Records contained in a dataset
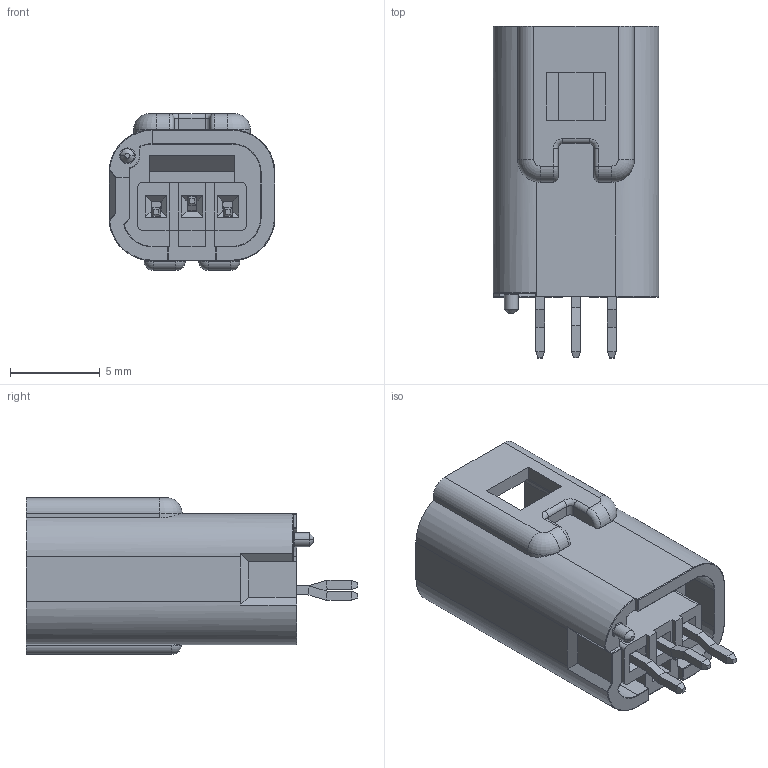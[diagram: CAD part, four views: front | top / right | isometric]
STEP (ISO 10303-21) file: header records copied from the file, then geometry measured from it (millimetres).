
FILE_DESCRIPTION (( 'STEP AP214' ), '1' );
FILE_NAME ('566-003-421-701.STEP', '2020-07-30T20:42:39', ( '' ), ( '' ), 'SwSTEP 2.0', 'SolidWorks 2020', '' );
FILE_SCHEMA (( 'AUTOMOTIVE_DESIGN' ));
Length unit declared in the file: millimetre
Products named in the file (5): 566-003-421-701_ rubber.STEP; 566-003-421-701.STEP; 566-003-421-701; 566-003-421-701_plastic.STEP; 566-003-421-701_contact.STEP
Assembly tree (6 placements, depth 3):
  566-003-421-701
    566-003-421-701.STEP
      566-003-421-701_plastic.STEP
      566-003-421-701_ rubber.STEP
      566-003-421-701_contact.STEP  x3
Bounding box: 9.25 x 18.5 x 8.74 mm (x, y, z)
Volume: 508 mm3; surface area: 1397.4 mm2
Topology: 5 solids, 5 shells, 718 faces, 1676 edges, 982 vertices
Faces by surface type: plane 304, cylinder 231, torus 155, cone 16, sphere 12
Entity records: 18835 total; most frequent: CARTESIAN_POINT 3824, DIRECTION 3283, ORIENTED_EDGE 3016, EDGE_CURVE 1508, AXIS2_PLACEMENT_3D 1198, VERTEX_POINT 890, LINE 887, VECTOR 887
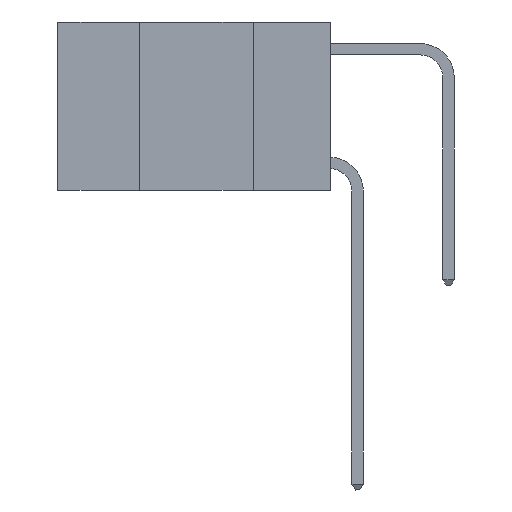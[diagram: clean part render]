
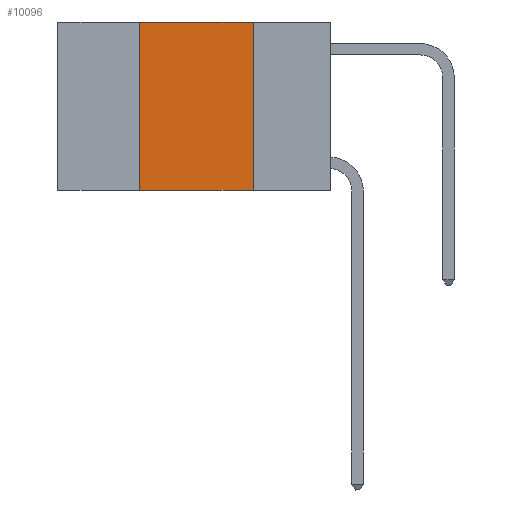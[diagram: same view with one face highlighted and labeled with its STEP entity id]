
A CAD part, left-side view. The second image highlights one B-rep face of the part: STEP entity #10096.
In plain terms, the highlighted planar face has unit normal (-1, 0, 0).
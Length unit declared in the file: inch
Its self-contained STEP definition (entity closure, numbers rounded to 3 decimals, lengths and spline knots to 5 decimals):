
#885 = LINE ( 'NONE', #16209, #5998 ) ;
#1685 = AXIS2_PLACEMENT_3D ( 'NONE', #3718, #9902, #15693 ) ;
#1693 = CARTESIAN_POINT ( 'NONE',  ( 0., 0.6, 0. ) ) ;
#1991 = CARTESIAN_POINT ( 'NONE',  ( 0., 0.6, -0.37 ) ) ;
#3311 = PLANE ( 'NONE',  #1685 ) ;
#3718 = CARTESIAN_POINT ( 'NONE',  ( 0., 0.6, 0. ) ) ;
#4154 = ORIENTED_EDGE ( 'NONE', *, *, #15956, .F. ) ;
#4848 = CARTESIAN_POINT ( 'NONE',  ( 0., 0.42, 0. ) ) ;
#5088 = ORIENTED_EDGE ( 'NONE', *, *, #15144, .T. ) ;
#5998 = VECTOR ( 'NONE', #17622, 39.37008 ) ;
#6175 = ORIENTED_EDGE ( 'NONE', *, *, #18651, .F. ) ;
#6595 = VERTEX_POINT ( 'NONE', #4848 ) ;
#7780 = DIRECTION ( 'NONE',  ( 0., -1., 0. ) ) ;
#8168 = DIRECTION ( 'NONE',  ( 0., -1., 0. ) ) ;
#8780 = VECTOR ( 'NONE', #8168, 39.37008 ) ;
#8988 = CARTESIAN_POINT ( 'NONE',  ( 0., 0.17, -0.37 ) ) ;
#9489 = CARTESIAN_POINT ( 'NONE',  ( 0., 0.42, -0.37 ) ) ;
#9620 = ORIENTED_EDGE ( 'NONE', *, *, #14955, .F. ) ;
#9902 = DIRECTION ( 'NONE',  ( 1., 0., 0. ) ) ;
#10096 = ADVANCED_FACE ( 'NONE', ( #19146 ), #3311, .F. ) ;
#11025 = LINE ( 'NONE', #1693, #14275 ) ;
#11061 = VECTOR ( 'NONE', #14294, 39.37008 ) ;
#12670 = LINE ( 'NONE', #16022, #11061 ) ;
#14275 = VECTOR ( 'NONE', #7780, 39.37008 ) ;
#14294 = DIRECTION ( 'NONE',  ( 0., 0., -1. ) ) ;
#14363 = CARTESIAN_POINT ( 'NONE',  ( 0., 0.17, 0. ) ) ;
#14944 = VERTEX_POINT ( 'NONE', #9489 ) ;
#14955 = EDGE_CURVE ( 'NONE', #6595, #18539, #11025, .T. ) ;
#15144 = EDGE_CURVE ( 'NONE', #14944, #18895, #19456, .T. ) ;
#15693 = DIRECTION ( 'NONE',  ( 0., 0., -1. ) ) ;
#15956 = EDGE_CURVE ( 'NONE', #18539, #18895, #12670, .T. ) ;
#16022 = CARTESIAN_POINT ( 'NONE',  ( 0., 0.17, 0. ) ) ;
#16209 = CARTESIAN_POINT ( 'NONE',  ( 0., 0.42, 0. ) ) ;
#17622 = DIRECTION ( 'NONE',  ( 0., 0., 1. ) ) ;
#17719 = EDGE_LOOP ( 'NONE', ( #4154, #9620, #6175, #5088 ) ) ;
#18539 = VERTEX_POINT ( 'NONE', #14363 ) ;
#18651 = EDGE_CURVE ( 'NONE', #14944, #6595, #885, .T. ) ;
#18895 = VERTEX_POINT ( 'NONE', #8988 ) ;
#19146 = FACE_OUTER_BOUND ( 'NONE', #17719, .T. ) ;
#19456 = LINE ( 'NONE', #1991, #8780 ) ;

• _Assignment_
From the data above, return only the lines starting at the line that holds "[diagram: same view" and ending at the line that holds "#14275 = VECTOR ( 'NONE', #7780, 39.37008 ) ;", word for word and without pictures.

• _Result of the exercise_
[diagram: same view with one face highlighted and labeled with its STEP entity id]
A CAD part, left-side view. The second image highlights one B-rep face of the part: STEP entity #10096.
In plain terms, the highlighted planar face has unit normal (-1, 0, 0).
Length unit declared in the file: inch
Its self-contained STEP definition (entity closure, numbers rounded to 3 decimals, lengths and spline knots to 5 decimals):
#885 = LINE ( 'NONE', #16209, #5998 ) ;
#1685 = AXIS2_PLACEMENT_3D ( 'NONE', #3718, #9902, #15693 ) ;
#1693 = CARTESIAN_POINT ( 'NONE',  ( 0., 0.6, 0. ) ) ;
#1991 = CARTESIAN_POINT ( 'NONE',  ( 0., 0.6, -0.37 ) ) ;
#3311 = PLANE ( 'NONE',  #1685 ) ;
#3718 = CARTESIAN_POINT ( 'NONE',  ( 0., 0.6, 0. ) ) ;
#4154 = ORIENTED_EDGE ( 'NONE', *, *, #15956, .F. ) ;
#4848 = CARTESIAN_POINT ( 'NONE',  ( 0., 0.42, 0. ) ) ;
#5088 = ORIENTED_EDGE ( 'NONE', *, *, #15144, .T. ) ;
#5998 = VECTOR ( 'NONE', #17622, 39.37008 ) ;
#6175 = ORIENTED_EDGE ( 'NONE', *, *, #18651, .F. ) ;
#6595 = VERTEX_POINT ( 'NONE', #4848 ) ;
#7780 = DIRECTION ( 'NONE',  ( 0., -1., 0. ) ) ;
#8168 = DIRECTION ( 'NONE',  ( 0., -1., 0. ) ) ;
#8780 = VECTOR ( 'NONE', #8168, 39.37008 ) ;
#8988 = CARTESIAN_POINT ( 'NONE',  ( 0., 0.17, -0.37 ) ) ;
#9489 = CARTESIAN_POINT ( 'NONE',  ( 0., 0.42, -0.37 ) ) ;
#9620 = ORIENTED_EDGE ( 'NONE', *, *, #14955, .F. ) ;
#9902 = DIRECTION ( 'NONE',  ( 1., 0., 0. ) ) ;
#10096 = ADVANCED_FACE ( 'NONE', ( #19146 ), #3311, .F. ) ;
#11025 = LINE ( 'NONE', #1693, #14275 ) ;
#11061 = VECTOR ( 'NONE', #14294, 39.37008 ) ;
#12670 = LINE ( 'NONE', #16022, #11061 ) ;
#14275 = VECTOR ( 'NONE', #7780, 39.37008 ) ;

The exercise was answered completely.